╭──
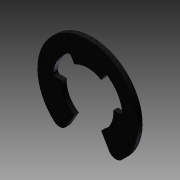
# Autodesk Inventor part: e-clip
Saved by Autodesk Inventor 2012 (Build 160160000, 160)
## iProperties
Created: 2009-01-30
Part Number: e-clip
Material: Steel, Mild
Document SubType Name: Modeling
Designer: Administrator
Density: 7.86 g/cm^3
Author: Administrator
Autodesk Inventor part; units mm, degrees
ref_plane "YZ Plane" through (0, 0, 0) normal (1, 0, 0) x (0, 1, 0)
ref_plane "XZ Plane" through (0, 0, 0) normal (0, 1, 0) x (-1, 0, 0)
ref_plane "XY Plane" through (0, 0, 0) normal (0, 0, 1) x (1, 0, 0)
sketch "Sketch1" plane through (0, 0, 0) normal (0, 0, 1) x (1, 0, 0)
  line L0 (-14.6304, 0) -> (19.5072, 0) projected
  line L1 (0, -14.6304) -> (0, 19.5072) projected
  circle A0 centre (0, 0) radius 6.096 construction
  circle A1 centre (0, 0) radius 12.192 construction
  arc A2 (7.9579, -8.8987) -> (-7.9579, -8.8987) centre (0, 0) ccw
  arc A3 (3.175, 5.2039) -> (-3.175, 5.2039) centre (0, 0) ccw
  arc A4 (-6.0799, 0.4427) -> (-3.175, -5.2039) centre (0, 0) ccw
  arc A5 (3.175, -5.2039) -> (6.0799, 0.4427) centre (0, 0) ccw
  circle A6 centre (0, 0) radius 8.255 construction
  arc A7 (-4.8834, 6.6557) -> (-8.1645, 1.219) centre (0, 0) ccw
  arc A8 (8.1645, 1.219) -> (4.8834, 6.6557) centre (0, 0) ccw
  line L2 (-3.175, 5.2039) -> (-3.937, 6.5237)
  line L3 (3.175, 5.2039) -> (3.937, 6.5237)
  line L4 (6.0799, 0.4427) -> (7.6039, 0.4427)
  line L5 (-6.0799, 0.4427) -> (-7.6039, 0.4427)
  line L6 (-3.175, -5.2039) -> (-5.0383, -8.4312)
  line L7 (3.175, -5.2039) -> (5.0383, -8.4312)
  arc A9 (-8.1645, 1.219) -> (-7.6039, 0.4427) centre (-7.4868, 1.1178) ccw
  arc A10 (-3.937, 6.5237) -> (-4.8834, 6.6557) centre (-4.478, 6.1032) ccw
  arc A11 (4.8834, 6.6557) -> (3.937, 6.5237) centre (4.478, 6.1032) ccw
  arc A12 (7.6039, 0.4427) -> (8.1645, 1.219) centre (7.4868, 1.1178) ccw
  arc A13 (-7.9579, -8.8987) -> (-5.0383, -8.4312) centre (-6.6881, -7.4787) ccw
  arc A14 (5.0383, -8.4312) -> (7.9579, -8.8987) centre (6.6881, -7.4787) ccw
  point P0 (0, 6.096)
  dimension "d0" = 12.192
  dimension "d1" = 24.384
  dimension "d2" = 23.876
  dimension "d4" = 6.35
  dimension "d5" = 6.35
  dimension "d6" = 6.35
  dimension "d7" = 16.51
  dimension "d9" = 30
  dimension "d13" = 1.524
  dimension "d14" = 6.35
  dimension "d15" = 6.35
  dimension "d16" = 60
  dimension "d17" = 60
  dimension "d18" = 30
  dimension "d19" = 1.905
  constraints: 35 point on circle, 15 centre point, 12 end point, 8 tangent, 7 equal radius, 4 coincident, 3 equal length, 3 vertical alignment, 1 concentric, 1 horizontal alignment, 2 other
  measures "d0" diameter of A0
  measures "d1" diameter of A1
  measures "d2" diameter of A2
  measures "d4" distance of L3.start L2.start
  measures "d5" distance of L6.start L5.start
  measures "d6" distance of L7.start L4.start
  measures "d7" diameter of A6
  measures "d9" angle of L1 L2
  measures "d13" distance of L4.start L4.end
  measures "d14" distance of A6.end A6.start
  measures "d15" distance of A8.start A8.end
  measures "d16" angle of L2 L5
  measures "d17" angle of L4 L3
  measures "d18" angle of L1 L7
  measures "d19" radius of A13
extrude "Extrusion1" add sketch "Sketch1" along normal mid plane 1.0668 contours A2 L1 A3 L2 A10 A7 A9 L5 A4 L0 | L0 A4 L6 A13 A2 | A2 L0 A5 L4 A12 A8 A11 L3 A3 L1 | A2 A14 L7 A5 L0
body "Solid1"
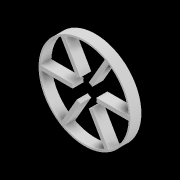
# Autodesk Inventor part: Spol_rotor_parameteriserad_03 [2020-11-22]
Saved by Autodesk Inventor 2020 (Build 240168000, 168)
## iProperties
Created: 2020-11-22
Part Number: Spol_rotor_parameteriserad_03 [2020-11-22]
Material: Generic
Document SubType Name: Modeling
Designer: Gottfrid
Density: 1 g/cm^3
Appearance: Default
Author: Gottfrid
Autodesk Inventor part; units mm, degrees
ref_plane "YZ Plane" through (0, 0, 0) normal (1, 0, 0) x (0, 1, 0)
ref_plane "XZ Plane" through (0, 0, 0) normal (0, 1, 0) x (-1, 0, 0)
ref_plane "XY Plane" through (0, 0, 0) normal (0, 0, 1) x (1, 0, 0)
sketch "Sketch1" plane through (0, 0, 0) normal (0, 0, 1) x (1, 0, 0)
  circle A0 centre (0, 0) radius 42.5
  circle A1 centre (0, 0) radius 41
  circle A2 centre (0, 0) radius 11.25
  line L0 (11.1051, 1.8) -> (40.9605, 1.8)
  line L1 (42.5, 0) -> (43.6334, 0) construction
  line L2 (-59.7267, 0) -> (60.8601, 0) projected
  line L3 (11.1051, -1.8) -> (40.9605, -1.8)
  line L4 (3.9937, 10.5173) -> (18.9214, 36.3728)
  line L5 (7.1114, 8.7173) -> (22.0391, 34.5728)
  line L6 (-7.1114, 8.7173) -> (-22.0391, 34.5728)
  line L7 (-3.9937, 10.5173) -> (-18.9214, 36.3728)
  line L8 (-11.1051, -1.8) -> (-40.9605, -1.8)
  line L9 (-11.1051, 1.8) -> (-40.9605, 1.8)
  line L10 (-3.9937, -10.5173) -> (-18.9214, -36.3728)
  line L11 (-7.1114, -8.7173) -> (-22.0391, -34.5728)
  line L12 (7.1114, -8.7173) -> (22.0391, -34.5728)
  line L13 (3.9937, -10.5173) -> (18.9214, -36.3728)
  point P0 (11.1051, -1.8)
  point P1 (22.0391, -34.5728)
  point P2 (7.1114, -8.7173)
  point P3 (3.9937, -10.5173)
  point P4 (18.9214, -36.3728)
  point P5 (-3.9937, -10.5173)
  point P6 (-7.1114, -8.7173)
  point P7 (-11.1051, -1.8)
  point P8 (-11.1051, 1.8)
  point P9 (-7.1114, 8.7173)
  point P10 (-3.9937, 10.5173)
  point P11 (3.9937, 10.5173)
  dimension "d0" = 85
  dimension "d1" = 82
  dimension "d2" = 22.5
  dimension "d3" = 1.8
  dimension "d6" = 360
  constraints: 26 end point, 3 coincident, 2 horizontal, 2 symmetric about line, 1 horizontal alignment, 45 other
  measures "d3" distance between parallel lines of L0 L2
extrude "Extrusion1" add sketch "Sketch1" along normal blind 10 contours L2 A1 A0 | A0 L2 A1 | L2 A2 L0 A1 | A1 L3 A2 L2 | L2 A2 L8 A1 | A1 L9 A2 L2 | L5 A2 L4 A1 | A1 L13 A2 L12 | A1 L7 A2 L6 | L11 A2 L10 A1
equation "\"d0\" = D_yttreSpolRotor"
equation "\"d1\" = D_yttreSpolRotor - d_yttreRing"
equation "\"d2\" = 2 * r_yttre + d_yttreRing_1"
equation "\"d3\" = d_stöttor"
equation "\"d8\" = h_spolRotor"
equation "\"D_yttreSpolRotor\" = 85"
equation "\"h_spolRotor\" = h_rullager"
equation "\"d_yttreRing\" = 3"
equation "\"r_yttre\" = 10"
equation "\"d_yttreRing_1\" = 2.5"
equation "\"d_stöttor\" = 1.8"
equation "\"h_rullager\" = 10"
body "Solid1"
╰──
(YOUR OBJECTIVE): Above are the records; from them, give again exactly the lines from the one containing "circle A1 centre (0, 0) radius 12.192" to the one containing "line L3 (3.175, 5.2039) -> (3.937, 6.5237)", both lines included, and nothing more.

(WRITTEN ANSWER):
  circle A1 centre (0, 0) radius 12.192 construction
  arc A2 (7.9579, -8.8987) -> (-7.9579, -8.8987) centre (0, 0) ccw
  arc A3 (3.175, 5.2039) -> (-3.175, 5.2039) centre (0, 0) ccw
  arc A4 (-6.0799, 0.4427) -> (-3.175, -5.2039) centre (0, 0) ccw
  arc A5 (3.175, -5.2039) -> (6.0799, 0.4427) centre (0, 0) ccw
  circle A6 centre (0, 0) radius 8.255 construction
  arc A7 (-4.8834, 6.6557) -> (-8.1645, 1.219) centre (0, 0) ccw
  arc A8 (8.1645, 1.219) -> (4.8834, 6.6557) centre (0, 0) ccw
  line L2 (-3.175, 5.2039) -> (-3.937, 6.5237)
  line L3 (3.175, 5.2039) -> (3.937, 6.5237)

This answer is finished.